**What is expected:** Pick out every line of the entries below where "Label" occurs, and copy those lines.

↓↓↓

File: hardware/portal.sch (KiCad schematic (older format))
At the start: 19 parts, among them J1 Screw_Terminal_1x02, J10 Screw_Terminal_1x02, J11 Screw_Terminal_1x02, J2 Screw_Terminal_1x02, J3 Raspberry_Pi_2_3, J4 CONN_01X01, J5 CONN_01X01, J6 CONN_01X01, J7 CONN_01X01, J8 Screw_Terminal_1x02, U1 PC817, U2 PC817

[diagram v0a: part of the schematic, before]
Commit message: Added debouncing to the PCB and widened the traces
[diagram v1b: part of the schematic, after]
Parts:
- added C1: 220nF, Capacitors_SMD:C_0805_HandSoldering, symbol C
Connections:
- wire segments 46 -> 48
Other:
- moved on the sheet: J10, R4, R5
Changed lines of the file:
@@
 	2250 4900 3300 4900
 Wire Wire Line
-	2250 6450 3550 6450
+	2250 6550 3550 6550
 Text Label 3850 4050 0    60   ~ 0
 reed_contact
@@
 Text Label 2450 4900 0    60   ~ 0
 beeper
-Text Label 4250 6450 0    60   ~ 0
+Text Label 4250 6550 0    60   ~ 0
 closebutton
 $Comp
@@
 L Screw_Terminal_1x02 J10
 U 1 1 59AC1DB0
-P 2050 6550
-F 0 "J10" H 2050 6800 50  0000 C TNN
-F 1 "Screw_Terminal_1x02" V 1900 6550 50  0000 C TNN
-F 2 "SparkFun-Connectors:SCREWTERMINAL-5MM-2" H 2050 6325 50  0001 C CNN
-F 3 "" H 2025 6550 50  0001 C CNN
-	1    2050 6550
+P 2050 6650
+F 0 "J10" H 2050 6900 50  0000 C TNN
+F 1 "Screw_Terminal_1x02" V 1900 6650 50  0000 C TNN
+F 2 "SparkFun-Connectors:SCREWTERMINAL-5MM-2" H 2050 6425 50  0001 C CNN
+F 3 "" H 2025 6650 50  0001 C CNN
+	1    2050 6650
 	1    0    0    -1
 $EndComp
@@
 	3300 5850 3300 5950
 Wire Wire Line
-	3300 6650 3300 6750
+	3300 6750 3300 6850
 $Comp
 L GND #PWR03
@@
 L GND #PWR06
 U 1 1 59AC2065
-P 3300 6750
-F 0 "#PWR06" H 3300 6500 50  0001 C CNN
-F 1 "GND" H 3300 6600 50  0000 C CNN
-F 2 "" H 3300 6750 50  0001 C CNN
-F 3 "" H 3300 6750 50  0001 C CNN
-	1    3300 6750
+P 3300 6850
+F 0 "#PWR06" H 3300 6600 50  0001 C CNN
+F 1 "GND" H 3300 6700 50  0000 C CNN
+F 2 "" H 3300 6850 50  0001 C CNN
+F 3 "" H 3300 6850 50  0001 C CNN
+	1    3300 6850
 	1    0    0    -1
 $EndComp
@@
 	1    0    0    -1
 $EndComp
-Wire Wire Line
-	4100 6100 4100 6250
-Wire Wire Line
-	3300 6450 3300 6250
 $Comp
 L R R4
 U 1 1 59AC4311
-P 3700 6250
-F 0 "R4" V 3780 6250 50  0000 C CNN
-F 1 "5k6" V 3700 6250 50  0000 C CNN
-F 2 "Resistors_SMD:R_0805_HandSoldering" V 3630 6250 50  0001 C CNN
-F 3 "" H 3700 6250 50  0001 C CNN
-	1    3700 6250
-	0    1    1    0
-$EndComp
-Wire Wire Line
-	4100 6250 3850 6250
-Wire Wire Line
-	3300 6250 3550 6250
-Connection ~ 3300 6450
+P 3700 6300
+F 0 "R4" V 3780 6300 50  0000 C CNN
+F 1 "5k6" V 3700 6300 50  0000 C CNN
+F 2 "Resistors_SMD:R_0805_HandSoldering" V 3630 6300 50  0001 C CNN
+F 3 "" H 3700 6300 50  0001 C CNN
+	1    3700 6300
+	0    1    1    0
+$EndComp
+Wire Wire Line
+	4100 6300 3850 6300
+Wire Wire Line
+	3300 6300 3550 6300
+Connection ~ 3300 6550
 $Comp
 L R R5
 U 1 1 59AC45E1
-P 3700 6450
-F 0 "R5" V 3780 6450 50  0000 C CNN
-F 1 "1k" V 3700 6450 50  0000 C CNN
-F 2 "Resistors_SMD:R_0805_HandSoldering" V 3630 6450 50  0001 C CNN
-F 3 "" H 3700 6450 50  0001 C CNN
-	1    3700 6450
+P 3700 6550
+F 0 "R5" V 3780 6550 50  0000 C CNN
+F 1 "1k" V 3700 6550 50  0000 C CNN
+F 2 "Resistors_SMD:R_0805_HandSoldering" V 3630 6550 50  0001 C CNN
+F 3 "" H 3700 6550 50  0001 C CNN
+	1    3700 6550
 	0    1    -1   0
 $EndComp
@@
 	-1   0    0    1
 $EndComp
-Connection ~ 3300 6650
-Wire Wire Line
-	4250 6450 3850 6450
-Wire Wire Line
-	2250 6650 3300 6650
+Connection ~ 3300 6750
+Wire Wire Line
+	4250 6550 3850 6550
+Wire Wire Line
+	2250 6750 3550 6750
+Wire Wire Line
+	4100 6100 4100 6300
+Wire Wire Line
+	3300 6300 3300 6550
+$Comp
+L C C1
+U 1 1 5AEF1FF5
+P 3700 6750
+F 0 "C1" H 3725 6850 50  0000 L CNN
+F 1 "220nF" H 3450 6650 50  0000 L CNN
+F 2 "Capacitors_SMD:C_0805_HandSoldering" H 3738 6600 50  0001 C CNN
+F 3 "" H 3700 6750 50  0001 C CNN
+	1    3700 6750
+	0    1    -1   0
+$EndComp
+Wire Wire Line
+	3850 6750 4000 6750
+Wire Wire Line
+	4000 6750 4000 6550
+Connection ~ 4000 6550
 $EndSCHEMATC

↑↑↑

**Your solution:**
 Text Label 3850 4050 0    60   ~ 0
 Text Label 2450 4900 0    60   ~ 0
-Text Label 4250 6450 0    60   ~ 0
+Text Label 4250 6550 0    60   ~ 0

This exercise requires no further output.